_WHAT YOU NEED TO DO_. Each line of the material that mentions the word "Inventor" is to be copied.

_STUDY MATERIAL_.
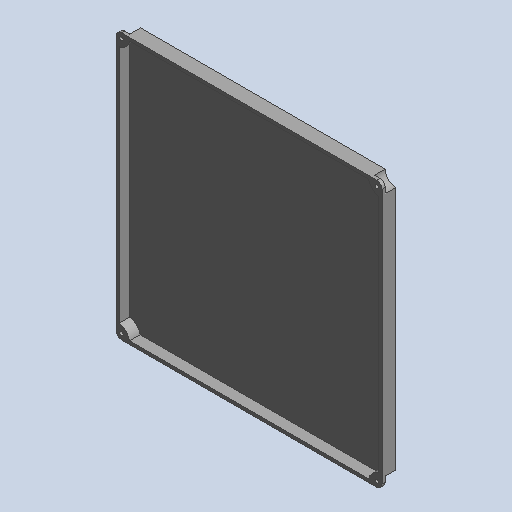
# Autodesk Inventor part: Enclosure cover
Saved by Autodesk Inventor 2026 (Build 300175050, 175E)
## iProperties
Part Number: Enclosure cover
Material: Generic
Document SubType Name: Modeling
Designer: Kartik
Mass: 216.415 g
Surface Area: 1473.79 cm^2
Volume: 216.415 cm^3
Density: 1 g/cm^3
Appearance: Default
Author: Kartik
Autodesk Inventor part; units mm, degrees
ref_plane "YZ Plane" through (0, 0, 0) normal (1, 0, 0) x (0, 1, 0)
ref_plane "XZ Plane" through (0, 0, 0) normal (0, 1, 0) x (-1, 0, 0)
ref_plane "XY Plane" through (0, 0, 0) normal (0, 0, 1) x (1, 0, 0)
sketch "Sketch1" plane through (0, 0, 0) normal (0, 0, 1) x (1, 0, 0)
  line L0 (-123.0769, 96.9231) -> (116.9231, 96.9231)
  line L1 (116.9231, 86.9231) -> (116.9231, -153.0769)
  line L2 (106.9231, -153.0769) -> (-123.0769, -153.0769)
  line L3 (-133.0769, -143.0769) -> (-133.0769, 96.9231)
  arc A0 (-133.0769, 86.9231) -> (-123.0769, 96.9231) centre (-133.0769, 96.9231) ccw
  arc A1 (106.9231, 96.9231) -> (116.9231, 86.9231) centre (116.9231, 96.9231) ccw
  arc A2 (116.9231, -143.0769) -> (106.9231, -153.0769) centre (116.9231, -153.0769) ccw
  arc A3 (-123.0769, -153.0769) -> (-133.0769, -143.0769) centre (-133.0769, -153.0769) ccw
  point P0 (0, 0)
  dimension "d0" = 250
  dimension "d1" = 250
  dimension "d4" = 20
  dimension "d5" = 20
  dimension "d6" = 20
  dimension "d7" = 20
  constraints: 8 end point, 8 point on circle, 4 centre point, 3 coincident, 3 point on line, 2 parallel, 1 horizontal, 1 perpendicular
  measures "d0" distance of L3.end L0.end
  measures "d1" distance of L0.end L1.end
  measures "d4" diameter of A0
  measures "d5" diameter of A1
  measures "d6" diameter of A2
  measures "d7" diameter of A3
extrude "Extrusion1" add sketch "Sketch1" along normal blind 3
sketch "Sketch2" plane through (0, 0, 3) normal (0, 0, 1) x (1, 0, 0)
  line L0 (-123.0769, -153.0769) -> (106.9231, -153.0769) projected
  arc A0 (116.9231, -143.0769) -> (106.9231, -153.0769) centre (116.9231, -153.0769) ccw projected
  line L1 (116.9231, -143.0769) -> (116.9231, 86.9231) projected
  arc A1 (106.9231, 96.9231) -> (116.9231, 86.9231) centre (116.9231, 96.9231) ccw projected
  line L2 (106.9231, 96.9231) -> (-123.0769, 96.9231) projected
  arc A2 (-133.0769, 86.9231) -> (-123.0769, 96.9231) centre (-133.0769, 96.9231) ccw projected
  line L3 (-133.0769, 86.9231) -> (-133.0769, -143.0769) projected
  arc A3 (-123.0769, -153.0769) -> (-133.0769, -143.0769) centre (-133.0769, -153.0769) ccw projected
  line L4 (-120.4278, 93.9231) -> (104.274, 93.9231)
  arc A4 (104.274, 93.9231) -> (113.9231, 84.274) centre (116.9231, 96.9231) ccw
  line L5 (113.9231, 84.274) -> (113.9231, -140.4278)
  arc A5 (113.9231, -140.4278) -> (104.274, -150.0769) centre (116.9231, -153.0769) ccw
  line L6 (104.274, -150.0769) -> (-120.4278, -150.0769)
  arc A6 (-120.4278, -150.0769) -> (-130.0769, -140.4278) centre (-133.0769, -153.0769) ccw
  line L7 (-130.0769, -140.4278) -> (-130.0769, 84.274)
  arc A7 (-130.0769, 84.274) -> (-120.4278, 93.9231) centre (-133.0769, 96.9231) ccw
  point P0 (0, 0)
  dimension "d8" = 3
  constraints: 8 end point, 8 point on circle, 4 centre point, 7 other
  measures "d8" distance between parallel lines of L2 L4
extrude "Extrusion2" add sketch "Sketch2" along normal blind 10
sketch "Sketch3" plane through (0, 0, 13) normal (0, 0, 1) x (1, 0, 0)
  line L0 (106.9231, 96.9231) -> (-123.0769, 96.9231) projected
  line L1 (-133.0769, 86.9231) -> (-133.0769, -143.0769) projected
  line L2 (116.9231, -143.0769) -> (116.9231, 86.9231) projected
  line L3 (-123.0769, -153.0769) -> (106.9231, -153.0769) projected
  arc A0 (116.9231, -143.0769) -> (106.9231, -153.0769) centre (116.9231, -153.0769) ccw projected
  arc A1 (-123.0769, -153.0769) -> (-133.0769, -143.0769) centre (-133.0769, -153.0769) ccw projected
  arc A2 (-133.0769, 86.9231) -> (-123.0769, 96.9231) centre (-133.0769, 96.9231) ccw projected
  arc A3 (106.9231, 96.9231) -> (116.9231, 86.9231) centre (116.9231, 96.9231) ccw projected
  line L4 (-133.0769, 96.9231) -> (116.9231, 96.9231)
  line L5 (116.9231, 96.9231) -> (116.9231, -153.0769)
  line L6 (116.9231, -153.0769) -> (-133.0769, -153.0769)
  line L7 (-133.0769, -153.0769) -> (-133.0769, 96.9231)
  point P0 (0, 0)
  point P1 (106.9231, -153.0769)
  constraints: 8 end point, 2 parallel, 1 horizontal, 1 perpendicular
extrude "Extrusion3" add sketch "Sketch3" against normal blind 3 contours L4 L5 A3 | A2 L7 L4 | L5 L6 A0 | A1 L6 L7
fillet "Fillet1" radius 5 4 edges at (116.9231, -153.0769, 11.5) (-133.0769, -153.0769, 11.5) (116.9231, 96.9231, 11.5) (-133.0769, 96.9231, 11.5)
sketch "Sketch4" plane through (0, 0, 13) normal (0, 0, 1) x (1, 0, 0)
  arc A0 (-128.0769, 96.9231) -> (-133.0769, 91.9231) centre (-128.0769, 91.9231) ccw projected
  line L0 (-133.0769, 91.9231) -> (-133.0769, -148.0769) projected
  arc A1 (-133.0769, -148.0769) -> (-128.0769, -153.0769) centre (-128.0769, -148.0769) ccw projected
  line L1 (-128.0769, -153.0769) -> (111.9231, -153.0769) projected
  arc A2 (111.9231, -153.0769) -> (116.9231, -148.0769) centre (111.9231, -148.0769) ccw projected
  line L2 (116.9231, -148.0769) -> (116.9231, 91.9231) projected
  arc A3 (116.9231, 91.9231) -> (111.9231, 96.9231) centre (111.9231, 91.9231) ccw projected
  line L3 (111.9231, 96.9231) -> (-128.0769, 96.9231) projected
  line L4 (-120.4278, 93.9231) -> (104.274, 93.9231) projected
  arc A4 (104.274, 93.9231) -> (113.9231, 84.274) centre (116.9231, 96.9231) ccw projected
  line L5 (113.9231, 84.274) -> (113.9231, -140.4278) projected
  arc A5 (113.9231, -140.4278) -> (104.274, -150.0769) centre (116.9231, -153.0769) ccw projected
  line L6 (104.274, -150.0769) -> (-120.4278, -150.0769) projected
  arc A6 (-120.4278, -150.0769) -> (-130.0769, -140.4278) centre (-133.0769, -153.0769) ccw projected
  line L7 (-130.0769, -140.4278) -> (-130.0769, 84.274) projected
  arc A7 (-130.0769, 84.274) -> (-120.4278, 93.9231) centre (-133.0769, 96.9231) ccw projected
  circle A8 centre (-128.0769, 91.9231) radius 1.6
  circle A9 centre (-128.0769, -148.0769) radius 1.6
  circle A10 centre (111.9231, 91.9231) radius 1.6
  circle A11 centre (111.9231, -148.0769) radius 1.6
  point P0 (0, 0)
  dimension "d14" = 3.2
  dimension "d15" = 5
  dimension "d16" = 5
  dimension "d19" = 240
  dimension "d22" = 240
  constraints: 4 centre point, 1 horizontal, 1 vertical, 6 other
  measures "d14" diameter of A8
  measures "d15" distance from line of L3 A8.centre
  measures "d16" distance from line of A8.centre L0
  measures "d19" distance of A8.centre A9.centre
  measures "d22" distance of A8.centre A10.centre
extrude "Extrusion4" cut sketch "Sketch4" against normal blind 3 contours A8 | A9 | A10 | A11
body "Solid1"

_ANSWER FOR THIS EXERCISE_.
# Autodesk Inventor part: Enclosure cover
Saved by Autodesk Inventor 2026 (Build 300175050, 175E)
Autodesk Inventor part; units mm, degrees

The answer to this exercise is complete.